N’avez-vous pas votre âme?

are addressed to all who have been badly treated by life.

And whatever belief or unbelief a person may profess, it is in the last resort this consciousness of his own soul’s worth which saves him when no other help is to be found—and there is no other help.

In this sense it is doubtless true that the human being, woman as well as man, is an end in herself; that she has fulfilled her task if she has not suffered injury to her soul, even if she has gained nothing else from life; if she has increased the power of her soul, discovered her own individuality and realised it; for this alone is saving one’s soul. In this sense it is true that the “mission” of woman as of man cannot be the sexual mission, which does not depend upon our own will alone; nor, therefore, can he who has not fulfilled this be said to have lived in vain. In this sense also there is at bottom a certain agreement between the feeling of self-glorification just described and that of those who think that neither woman’s nor man’s highest destiny can be love, but only the life of an eternal being above all earthly and social considerations; that the highest reality of every human being is within himself, and that his highest happiness can be only to grow in holiness and godliness.

But for the shaping of life the difference is immeasurable. Here we are confronted once more by the dualist and monist views of life, the belief in the soul as supersensuous, and the belief in the soul as dwelling in the senses; the belief that the soul can attain its highest development and happiness independently of—instead of by means of—its earthly conditions.

According to the latter view man and woman are determined by their sexual life even in the greatest emotions of their soul. Sexual emotions pulsate in the age of puberty’s dreams of heroic deeds and martyrdom; they are the warm undercurrent in the religious needs which awaken at that time. Every woman who has afterwards performed a brilliant achievement of love, who has become a great Christian character—like St. Bridget of Sweden, like St. Catherine of Siena, or like St. Teresa—has had the fire of great love in her soul; her blood has been on fire with the longing to serve the race with body and soul. And therefore also her charity had warmth in it, while the victims of so much other benevolence freeze like shorn sheep.
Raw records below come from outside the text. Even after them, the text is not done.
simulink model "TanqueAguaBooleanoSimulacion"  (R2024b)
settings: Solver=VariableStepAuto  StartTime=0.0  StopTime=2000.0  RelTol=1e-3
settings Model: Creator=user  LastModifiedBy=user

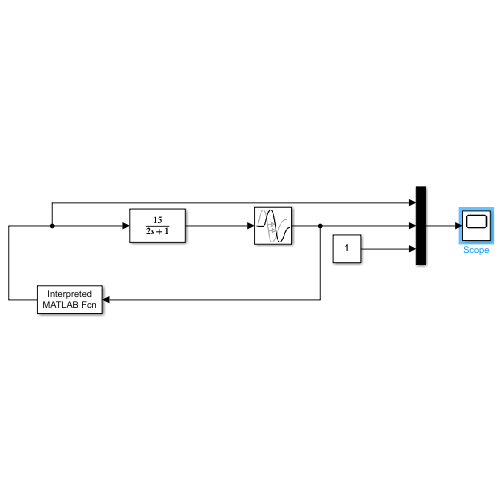
[thumbnail: Simulink's stored preview of the top-level diagram]
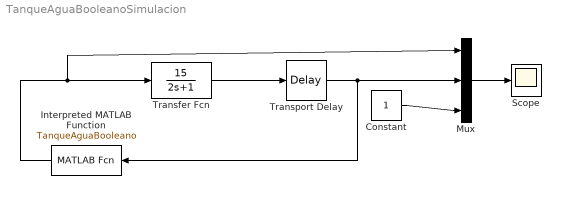
== system TanqueAguaBooleanoSimulacion ==
  Constant : Constant
  Interpreted MATLAB Function : MATLABFcn  MATLABFcn=TanqueAguaBooleano
  Mux : Mux  Inputs=3
  Scope : Scope
  Transfer Fcn : TransferFcn  Numerator=[15]  Denominator=[2 1]
  Transport Delay : TransportDelay  DelayTime=0.5
  wires:
  Constant/1 -> Mux/3
  Transfer Fcn/1 -> Transport Delay/1
  Transport Delay/1 -> Interpreted MATLAB Function/1, Mux/2
  Interpreted MATLAB Function/1 -> Mux/1, Transfer Fcn/1
  Mux/1 -> Scope/1
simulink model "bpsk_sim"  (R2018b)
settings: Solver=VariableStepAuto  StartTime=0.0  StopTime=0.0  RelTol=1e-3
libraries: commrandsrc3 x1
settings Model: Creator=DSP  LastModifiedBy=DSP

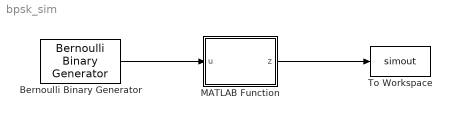
== system bpsk_sim ==
  Bernoulli Binary Generator : commrandsrc3/Bernoulli Binary Generator  ProbabilityOfZero=0.5  SeedSource=Auto  Seed=0  SampleTime=1  SamplesPerFrame=10000  OutputDataType=double  SimulateUsing=Interpreted execution
  MATLAB Function : MATLAB Function  TreatAsAtomicUnit=on
  To Workspace : ToWorkspace  VariableName=simout  SampleTime=-1
      settings: Save2DSignal=2-D array (concatenate along first dimension)
  wires:
  Bernoulli Binary Generator/1 -> MATLAB Function/1(u)
  MATLAB Function/1(z) -> To Workspace/1

== matlab function bpsk_sim/MATLAB Function ==
  data: u input; z output
function z = fcn(u)
y = zeros(length(u), 1);
for i=1:length(u)
    if u(i) == 0
        y(i) = -1;
    else
        y(i) = 1;
    end
end

awgn = randn(length(u), 1);
snrdb = 0:24;
snr = 0:24;
err = 0:24;
err_rate = 0:24;
for j = 1:length(snrdb)
    snr(j) = 10^(snrdb(j)/10);
    sigma = 1/sqrt(snr(j));
    yr = y + sigma*awgn;
    for i=1:length(yr)
        if yr(i) > 0
            yr(i) = 1;
        else
            yr(i) = 0;
        end
    end
    err(j) = sum(abs(u - yr));
    err_rate(j) = err(j)/length(u);
end


z = err_rate;

A woman’s essential ego must be brought out by love before she can do anything great for others or for herself. She whose existence has been erotically blank seldom finds the way to what is human in a great sense, while, on the other hand, she to whom life has denied the opportunity of manifesting her erotic being in the usual sense, transforms it into an Eros that embraces all life, the Eros of whom Plato had the intuition when he made Diotima proclaim him: a touch of infinite delicacy; for may it not possibly be only woman who—since her whole nature is erotic—can thus satisfy her love-longing from the whole of existence?

But this sense of oneness with the universe—which the theosophist, the mystic, the pantheist, and the evolutionist express each in his own way, but which they all feel alike—is, above all, the gift of a great happiness in love. It is this way of loving of which it is especially true to say, that only he who loves knows God, the great word for unity in the all, in which we live and move and have our being. Not because God created mankind to increase and inhabit the earth, but because they were fruitful and filled the earth with beings and with work, did they give the Creator’s name to life and worshipped in the likeness of gods their own creative power, on account of which they also dreamed that they were eternal.

Because fruitfulness, the power of production in all its forms, is the divine part of man, it is impossible for anyone without it to attain “holiness and communion with God” in the meaning of the religion of life, or, in other words, full humanity. Even in its limited form, that of creating a family, it is the unerring means of extending the ego beyond its own limits, the simplest condition for humanisation. It can transform the egoist into a generous man, merely by giving him something to live for. For this reason love has taken the place of religion with innumerable people, because it has the same power of making them good and great, but a hundredfold greater power of making them happy. Therefore all great and beautiful resignation—flowing with sweetness and benevolence—is like a vineyard, made upon the slope of a crater.

But therefore also it is true of all who have quenched the warmth of fruitfulness in themselves, that they have committed the one unpardonable sin, that against the holy spirit of life. These women have received their condemnation in Lessing’s fable of Hera, who sent Iris to earth to seek out three virtuous, perfectly chaste maidens, unsoiled by any dreams of love. And Iris certainly found them, but did not bring them back to Olympus; for Hades had already made Hermes fetch them for the infernal regions—there to replace the superannuated Furies.